* _WHAT TO DO_
Wherever the word "extrude" appears in a line of the records, copy that line.

** EXERCISE MATERIAL follows **

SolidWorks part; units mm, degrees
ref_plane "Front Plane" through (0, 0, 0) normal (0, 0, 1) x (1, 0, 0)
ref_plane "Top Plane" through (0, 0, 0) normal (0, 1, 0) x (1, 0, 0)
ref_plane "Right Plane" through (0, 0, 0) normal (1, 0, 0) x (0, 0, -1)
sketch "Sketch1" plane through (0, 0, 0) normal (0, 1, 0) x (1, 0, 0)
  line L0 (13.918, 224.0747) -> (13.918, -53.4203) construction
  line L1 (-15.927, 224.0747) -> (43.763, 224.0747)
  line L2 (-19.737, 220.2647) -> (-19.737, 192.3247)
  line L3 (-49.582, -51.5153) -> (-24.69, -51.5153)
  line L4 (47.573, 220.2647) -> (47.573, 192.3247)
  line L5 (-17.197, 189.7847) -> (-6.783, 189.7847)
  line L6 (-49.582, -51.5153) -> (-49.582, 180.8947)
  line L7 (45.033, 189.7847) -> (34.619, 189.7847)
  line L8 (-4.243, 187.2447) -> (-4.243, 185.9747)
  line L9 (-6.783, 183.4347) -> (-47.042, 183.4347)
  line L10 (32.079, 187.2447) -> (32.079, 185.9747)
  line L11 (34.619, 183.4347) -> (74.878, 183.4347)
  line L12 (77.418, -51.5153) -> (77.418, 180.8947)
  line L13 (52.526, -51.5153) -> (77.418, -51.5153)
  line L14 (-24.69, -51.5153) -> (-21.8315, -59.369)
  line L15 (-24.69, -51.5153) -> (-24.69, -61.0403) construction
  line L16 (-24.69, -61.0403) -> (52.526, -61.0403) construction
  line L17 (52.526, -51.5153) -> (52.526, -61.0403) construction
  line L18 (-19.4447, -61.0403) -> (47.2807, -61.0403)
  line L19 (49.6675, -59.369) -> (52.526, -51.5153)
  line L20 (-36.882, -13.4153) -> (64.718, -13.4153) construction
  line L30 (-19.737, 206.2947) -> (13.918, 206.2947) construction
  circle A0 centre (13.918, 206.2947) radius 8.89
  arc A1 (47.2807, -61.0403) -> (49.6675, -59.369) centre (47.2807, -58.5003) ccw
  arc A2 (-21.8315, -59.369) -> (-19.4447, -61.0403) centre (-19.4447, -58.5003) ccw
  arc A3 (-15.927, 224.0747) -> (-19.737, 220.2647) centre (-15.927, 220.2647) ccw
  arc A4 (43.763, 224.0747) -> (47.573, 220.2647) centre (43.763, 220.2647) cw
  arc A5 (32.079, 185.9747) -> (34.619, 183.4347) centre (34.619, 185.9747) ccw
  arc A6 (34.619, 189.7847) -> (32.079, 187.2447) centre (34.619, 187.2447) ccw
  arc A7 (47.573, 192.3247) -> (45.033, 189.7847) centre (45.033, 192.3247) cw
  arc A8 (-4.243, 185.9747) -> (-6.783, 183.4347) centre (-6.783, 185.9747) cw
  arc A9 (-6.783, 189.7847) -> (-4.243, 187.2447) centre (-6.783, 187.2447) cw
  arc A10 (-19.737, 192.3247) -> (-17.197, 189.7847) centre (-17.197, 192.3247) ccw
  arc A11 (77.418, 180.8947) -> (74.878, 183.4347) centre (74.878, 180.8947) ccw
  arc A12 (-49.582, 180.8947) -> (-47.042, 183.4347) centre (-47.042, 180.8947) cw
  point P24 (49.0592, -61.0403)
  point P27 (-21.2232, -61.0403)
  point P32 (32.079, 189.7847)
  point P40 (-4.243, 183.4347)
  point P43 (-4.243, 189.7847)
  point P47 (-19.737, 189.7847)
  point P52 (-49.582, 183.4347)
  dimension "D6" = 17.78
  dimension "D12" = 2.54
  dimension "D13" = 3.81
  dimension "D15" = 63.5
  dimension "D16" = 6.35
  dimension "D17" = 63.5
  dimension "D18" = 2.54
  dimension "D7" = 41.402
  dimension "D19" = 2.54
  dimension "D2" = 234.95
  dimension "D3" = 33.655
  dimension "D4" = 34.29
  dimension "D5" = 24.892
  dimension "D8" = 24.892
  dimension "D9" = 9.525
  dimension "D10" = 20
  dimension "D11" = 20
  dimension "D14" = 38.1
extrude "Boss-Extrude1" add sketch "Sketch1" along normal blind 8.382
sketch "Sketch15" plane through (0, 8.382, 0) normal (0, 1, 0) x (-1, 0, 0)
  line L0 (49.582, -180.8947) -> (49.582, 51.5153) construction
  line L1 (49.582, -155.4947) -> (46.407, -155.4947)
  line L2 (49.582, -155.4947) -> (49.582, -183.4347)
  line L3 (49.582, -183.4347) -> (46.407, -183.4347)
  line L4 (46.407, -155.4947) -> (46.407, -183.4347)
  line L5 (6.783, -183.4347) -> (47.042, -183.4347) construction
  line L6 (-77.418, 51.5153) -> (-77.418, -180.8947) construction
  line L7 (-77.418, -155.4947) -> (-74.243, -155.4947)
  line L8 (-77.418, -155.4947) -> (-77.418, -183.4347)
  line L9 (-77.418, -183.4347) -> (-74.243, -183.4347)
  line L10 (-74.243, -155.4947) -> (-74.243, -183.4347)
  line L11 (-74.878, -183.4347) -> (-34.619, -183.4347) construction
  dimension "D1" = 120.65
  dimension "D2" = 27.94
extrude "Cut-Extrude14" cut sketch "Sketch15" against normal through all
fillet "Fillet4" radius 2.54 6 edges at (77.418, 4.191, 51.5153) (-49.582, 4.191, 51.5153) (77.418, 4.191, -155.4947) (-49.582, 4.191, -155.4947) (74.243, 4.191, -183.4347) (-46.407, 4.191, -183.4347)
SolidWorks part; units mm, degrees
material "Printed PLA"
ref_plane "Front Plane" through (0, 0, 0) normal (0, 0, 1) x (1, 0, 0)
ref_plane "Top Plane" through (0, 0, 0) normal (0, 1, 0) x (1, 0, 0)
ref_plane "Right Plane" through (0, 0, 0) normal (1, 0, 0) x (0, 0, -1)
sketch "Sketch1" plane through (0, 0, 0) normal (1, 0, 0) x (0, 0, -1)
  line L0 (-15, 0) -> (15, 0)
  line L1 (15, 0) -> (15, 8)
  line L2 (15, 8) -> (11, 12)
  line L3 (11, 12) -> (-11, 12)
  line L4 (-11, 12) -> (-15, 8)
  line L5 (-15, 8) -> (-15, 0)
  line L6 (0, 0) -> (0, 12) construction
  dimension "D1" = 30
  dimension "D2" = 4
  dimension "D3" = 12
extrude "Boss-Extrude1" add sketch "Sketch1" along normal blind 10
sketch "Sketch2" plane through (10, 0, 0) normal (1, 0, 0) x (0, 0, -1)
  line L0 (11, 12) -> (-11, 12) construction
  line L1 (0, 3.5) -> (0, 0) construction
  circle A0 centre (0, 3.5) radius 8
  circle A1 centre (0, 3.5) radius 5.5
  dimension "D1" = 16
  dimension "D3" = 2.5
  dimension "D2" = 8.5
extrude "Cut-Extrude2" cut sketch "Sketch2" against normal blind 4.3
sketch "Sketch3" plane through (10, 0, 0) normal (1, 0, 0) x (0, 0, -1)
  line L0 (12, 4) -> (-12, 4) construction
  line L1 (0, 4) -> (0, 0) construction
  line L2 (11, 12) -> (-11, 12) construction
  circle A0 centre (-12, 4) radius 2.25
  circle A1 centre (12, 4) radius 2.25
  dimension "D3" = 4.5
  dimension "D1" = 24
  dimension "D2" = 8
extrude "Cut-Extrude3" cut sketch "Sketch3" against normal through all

** End of EXERCISE MATERIAL **

* _TASK OUTPUT_
extrude "Boss-Extrude1" add sketch "Sketch1" along normal blind 8.382
extrude "Cut-Extrude14" cut sketch "Sketch15" against normal through all
extrude "Boss-Extrude1" add sketch "Sketch1" along normal blind 10
extrude "Cut-Extrude2" cut sketch "Sketch2" against normal blind 4.3
extrude "Cut-Extrude3" cut sketch "Sketch3" against normal through all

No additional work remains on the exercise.